The Business of IT Blog

ITSM vs BRM vs Agile: How Service, Business Relationship & Product Management Work Together

10 minute read
Kirstie Magowan

I think of business relationship management, agile product management, and service management as a three-legged stool. You know what happens when a stool is not well balanced. It’s not pretty!

In this article, I take a look at each of these viewpoints—BRM, ITSM, and product management—and how they relate to and support the other perspectives.

First, let’s start with how we arrived at this comparison.

How we got here…

In the 20 or so years I have been working in or around IT service management (ITSM), there have been many changes, lots of new ideas and philosophies. We have seen multiple frameworks come and go and many new flavours of the month pass in and out of fashion.

Service management as a discipline has outlived them all.

What’s different now, in 2021? Agile has been part of the landscape for many years, and business relationship management (BRM) became part of our vocabulary more than a decade ago. So, why should they now start being of interest, or concern, to the service management practitioner? If we ignore them for long enough, surely they will, like all the others, just fade into oblivion…

We are living in a complex world. Our business partners expect things to work. When they want new features or solutions, they want them now, not in two years’ time after an expensive waterfall project has come to fruition.

Success in today’s world looks very different, as I’ve previously written. ITSM is no longer the only pathway into the IT function, and the service desk as the “single point of contact” for all things IT has ended.

We need to find a better way of providing the level of care that our business partners expect.

This is a balancing act. We need to take care that each leg is the right length and gives the appropriate level of support in what can be a confusing landscape of competing interests, where we have:

  • Service management saying, “We are the single point of contact.”
  • The product owners and managers saying, “We are the voice of the customer.”
  • Business relationship management claiming they’re the “single point of focus” for business partners.

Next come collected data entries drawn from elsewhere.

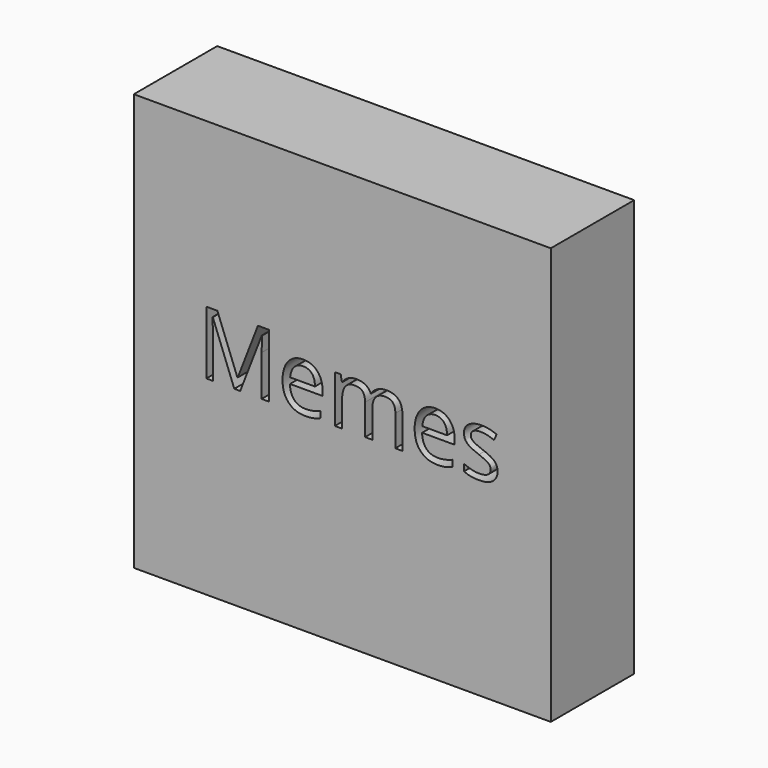
from build123d import *

# Parameters (mm, degrees)
F0_W         = 60
F0_H         = 60
F1_DEPTH     = 15
F2_TEXT_SIZE = 12.7467119859
F3_DEPTH     = 15


# Not quite as in the source:
# - Text() gives the source's letters only with a copy of the font that has no kerning and outlines rounded to 1/6400 em; it was checked with that copy


with BuildPart() as f1:
    # F0 (on Front) → F1 (new body)
    with BuildSketch(Plane.XZ):
        with Locations((-7.7467125654, 30)):
            Rectangle(F0_W, F0_H)
    extrude(amount=F1_DEPTH)

    # F2 (on face) → F3 (cut)
    with BuildSketch(Plane.XZ.offset(15)):
        with Locations((-28.5690770252, 27.3848697543)):
            Text('Memes', F2_TEXT_SIZE, font='Open Sans', text_align=(TextAlign.LEFT, TextAlign.BOTTOM))
    extrude(amount=-F3_DEPTH, mode=Mode.SUBTRACT)


solid = f1.part

Surely, they can’t all be right? Or can they?

The role of IT service management

Everyone reading this knows how important effective service management is. But is it still the single point of contact for the entire IT arm of the organisation? I am going to put my hand up and say “No, it is not.”

ITSM is where you turn when…

  • Existing services are not functioning correctly.
  • Changes are needed to something that is already in production.
  • You need access to a service that is in use in the organisation.

Service management keeps the lights on and ensures that business as usual (BAU) keeps happening. If things break, service management is responsible for:

  • Getting services back up and running.
  • Stopping services from breaking in the first place.

ITSM is the single point of contact for anything to do with existing capabilities.=

The role of business relationship management

In my opinion, the business relationship manager has the perfect job. (I might be biased here as that is now the role I have.) BRMs are not actually responsible for doing anything! That’s not quite true, of course—the BRM practice has many roles:

  • Getting out and talking to business partners.
  • Discovering the outcomes partners need (or want) to achieve.
  • Pulling the right people together to have technology help the organisation meet these outcomes.

The BRM enables the IT organisation to converge with the rest of the organisation, building a productive strategic partnership between these functions. They are the orchestrator, the connector, the facilitator. They help to define the “what”—what do we need to achieve to be successful?

They then connect to the teams that can articulate and build the “how”.

The role of product management

So now we come to our product managers and product owners. This is where we find the “how”. This is where the creative solutions are uncovered to provide the answer to the “what” statements the BRM team have presented. The product teams are the magic in the middle. They:

  • Take the ideas and value plans from the BRM team.
  • Build a solution around those plans.
  • Deliver the end product to ITSM, where it is introduced to the business and the value is realised.

(Learn more about product managers & product owners.)

A well-balanced act, hopefully

Back to our three-legged stool. When the stool’s legs are well balanced, life is good, and nobody topples over.

BRM uncovers ideas, bringing them to the product teams to devise and build solutions, who in turn deliver new capability to the service management team, who supports the organisation to use and extract the value from the IT investment.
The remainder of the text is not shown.